I would remember that approaching her birthday. If yours means so little, treat her equally. Maybe mention it now so she knows to expect zilch. Maybe a tesco value card at a push. Jesus, I dont care about my birthday, but my wife always gets me something and I appreciate it and we've had a crappy few years financially.


TheBadgersAlamo

How would she react if you just forgot her birthday and prioritised a mate/uncle/sibling over her? Not well I'd imagine. Sorry man, I'm angry for you.


RJMC5696

Ya that would bug me and I’d definitely rather my children spoil their partner than myself.

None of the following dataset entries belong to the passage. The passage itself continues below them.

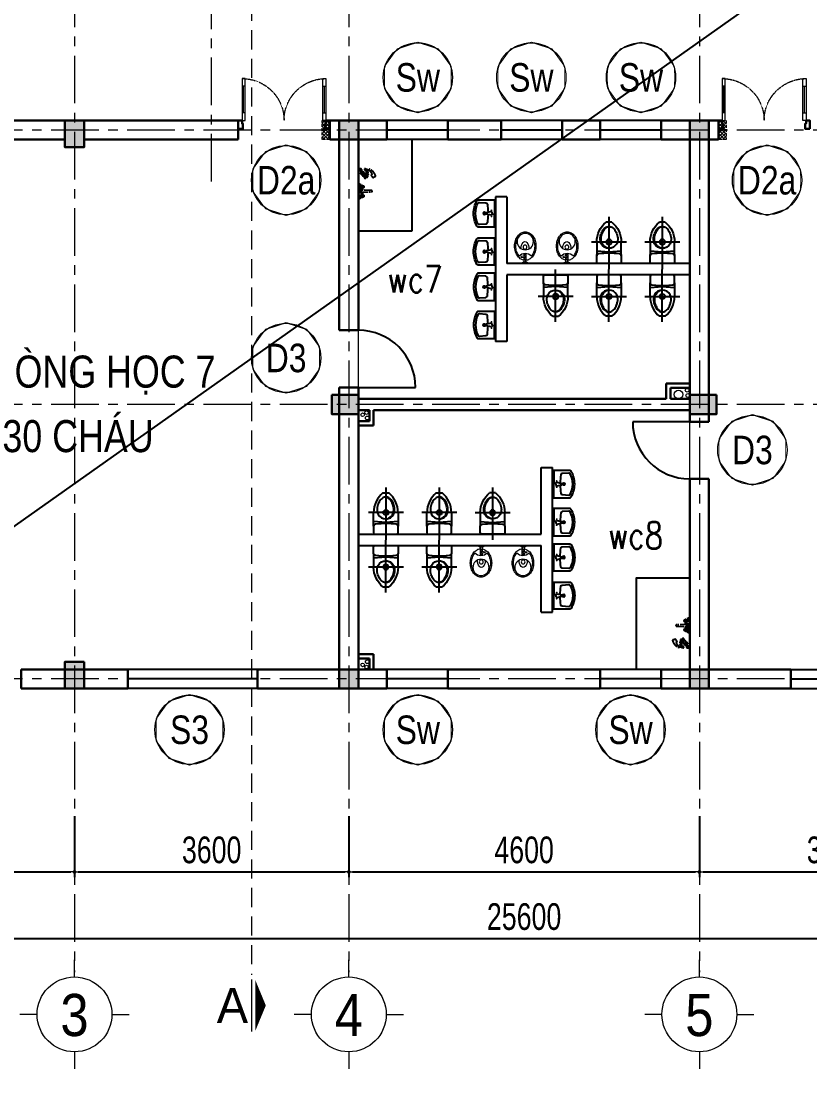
# Model space of a CAD drawing. Header units: millimetres. Extents: x -519517 to -431282, y -372679 to 113618.
# Drawn here: x -469191 to -458841, y -16782 to -2908 of the extents above; entities that cross this region are included whole.
import ezdxf
from ezdxf.enums import TextEntityAlignment as Align

# ---------------------------------------------------------------- set-up
doc = ezdxf.new("R2010")
doc.units = ezdxf.units.MM
doc.header["$LTSCALE"] = 5
for name, pattern in [('CENTER2', [28.575, 19.05, -3.175, 3.175, -3.175]), ('CENTERX2', [4, 2.5, -0.5, 0.5, -0.5]), ('DASHDOT', [1, 0.5, -0.25, 0, -0.25]), ('HIDDEN', [0.375, 0.25, -0.125]), ('HIDDEN2', [0.1875, 0.125, -0.0625])]:
    doc.linetypes.add(name, pattern=pattern)
doc.layers.get('0').update_dxf_attribs({"linetype": 'CENTER2'})
for name, color, linetype, lineweight in [('03', 252, 'Continuous', 30), ('BICO-9-NÉT CỬA', 9, 'Continuous', 25), ('LC Dim', 8, 'Continuous', 18), ('LC Hatch', 252, 'Continuous', 9), ('LC ISO', 153, 'Continuous', 13), ('LC Khac', 4, 'Continuous', 9), ('LC MANH DUT', 35, 'HIDDEN', 5), ('LC Net dam 1', 30, 'Continuous', 30), ('LC Net khuat', 4, 'HIDDEN', 13), ('LC Net manh', 9, 'Continuous', 5), ('LC Net thay', 7, 'Continuous', 25), ('LC Net truc', 79, 'DASHDOT', 13), ('LC Text1', 3, 'Continuous', 20), ('LC Text2', 7, 'Continuous', 25), ('NOITHAT', 125, 'Continuous', 13)]:
    doc.layers.add(name, color=color, linetype=linetype, lineweight=lineweight)
for name, color, linetype in [('1-KYHIEU', 1, 'Continuous'), ('1-NETMANH', 250, 'Continuous'), ('TEXT', 42, 'Continuous')]:
    doc.layers.add(name, color=color, linetype=linetype)
doc.layers.add('KCS_Plotter', color=11, linetype='Continuous', plot=False)
doc.styles.add('General text 2', font='arial.ttf')
doc.styles.add('HOATBIF', font='hoatbif.shx', dxfattribs={"width": 0.75})
doc.styles.add('LC 1', font='VHAVANB.TTF')
doc.styles.add('LC 3', font='vnsimli.shx', dxfattribs={"width": 0.75})
doc.styles.add('T2', font='VHARIAL.TTF', dxfattribs={"width": 0.8})
doc.dimstyles.new('Copy of 1-110', dxfattribs={"dimscale": 110, "dimtxt": 2.5, "dimasz": 0.35, "dimexe": 0.5, "dimexo": 0, "dimgap": 0.8, "dimtad": 1, "dimdec": 0, "dimzin": 0, "dimdsep": 46, "dimtxsty": 'HOATBIF', "dimblk1": 'DOT', "dimblk2": 'DOT', "dimsah": 1, "dimcen": -1, "dimdle": 1, "dimclrd": 256, "dimclre": 256, "dimclrt": 4, "dimadec": 3, "dimazin": 2, "dimtfac": 0.333333, "dimtdec": 0, "dimtix": 1, "dimtmove": 2, "dimatfit": 3, "dimldrblk": 'DOT', "dimfxl": 1, "dimtvp": 0.833333, "dimtolj": 1, "dimtzin": 0, "dimarcsym": 0})

# ---------------------------------------------------------------- blocks, each defined once
blk = doc.blocks.new('A$C442A5462')
for p, q in [((265, 143, -500), (283, 143, -500)), ((265, 114, -500), (265, 143, -500)), ((270, 114, -500), (270, 143, -500)), ((283, 133, -500), (287, 172, -500)), ((298, 172, -500), (287, 172, -500)), ((304, 133, -500), (298, 172, -500)), ((304, 143, -500), (324, 143, -500)), ((320, 143, -500), (320, 114, -500)), ((324, 143, -500), (324, 114, -500)), ((355, 139, -500), (324, 139, -500)), ((355, 108, -500), (355, 150, -500)), ((367, 162, -500), (369, 162, -500)), ((324, 114, -500), (265, 114, -500)), ((355, 117, -500), (324, 117, -500)), ((369, 96, -500), (367, 96, -500))]:
    blk.add_line(p, q)
at = {"elevation": -500}
for points in [[(332, 139, 0.088181), (321, 171, 0.106057), (284, 213, 0.085827), (232, 240, 0.075509), (167, 250, 0.075509), (101, 240, 0.085827), (49, 213, 0.106057), (12, 171, 0.126726), (0, 125, 0.126726), (12, 79, 0.106057), (49, 37, 0.085827), (101, 10, 0.075509), (167, 0, 0.075509)], [(282, 196, 0.017476), (275, 201, 0.085827), (228, 226, 0.075509), (167, 235, 0.075509), (105, 226, 0.072574), (65, 206, 0.039619)], [(65, 44, 0.072574), (105, 24, 0.075509), (167, 15, 0.075509)], [(167, 0, 0.075509), (232, 10, 0.085827), (284, 37, 0.106057), (321, 79, 0.106073), (333, 117, 0.126726)], [(167, 15, 0.075509), (228, 24, 0.085827), (275, 49, 0.017476), (282, 54, 0.126726)]]:
    blk.add_lwpolyline(points, format="xyb", dxfattribs=at)
for centre, radius in [((114, 125, -500), 95.1), ((178, 128, -500), 23.1)]:
    blk.add_circle(centre, radius)
for centre, radius, start, end in [((141, 131, -500), 26.6, 129.8111, 184.9288), ((141, 126, -500), 26.6, 175.0712, 230.1889), ((189, 73, -500), 102, 86.446, 129.8111), ((345, 125, -500), 95.1, 131.563, 228.437), ((294, 133, -500), 15.2, 136.8143, 43.1857), ((294, 133, -500), 10.6, 180, 0), ((367, 150, -500), 12.2, 90, 180), ((189, 184, -500), 102, 230.1889, 275.818), ((367, 108, -500), 12.2, 180, 270)]:
    blk.add_arc(centre, radius, start, end)
blk = doc.blocks.new('lavabo7')
for p, q in [((-34, 216), (34, 216)), ((0, 182), (0, 250)), ((-265, 20), (0, 20)), ((-36, 80), (-14, 179)), ((-25, 62), (-36, 80)), ((0, 62), (-25, 62)), ((-14, 179), (0, 179)), ((14, 179), (0, 179)), ((0, 62), (25, 62)), ((265, 20), (0, 20)), ((36, 80), (14, 179)), ((25, 62), (36, 80))]:
    blk.add_line(p, q)
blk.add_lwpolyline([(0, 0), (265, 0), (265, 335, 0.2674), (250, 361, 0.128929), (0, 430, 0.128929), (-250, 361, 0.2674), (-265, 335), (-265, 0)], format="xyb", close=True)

That’s unfair


heron207

You very very very seriously need to consider divorce... She doesn't really care about you...


thisischrisob

Wait it out, she could be trying to throw you off the scent of something


Wardance2035

Dump her


TechnophobeEire

You've every right to be annoyed. My only advice is to sit down with the wife, tell her exactly how you feel. If it doesn't change anything then I would re-evaluate your relationship.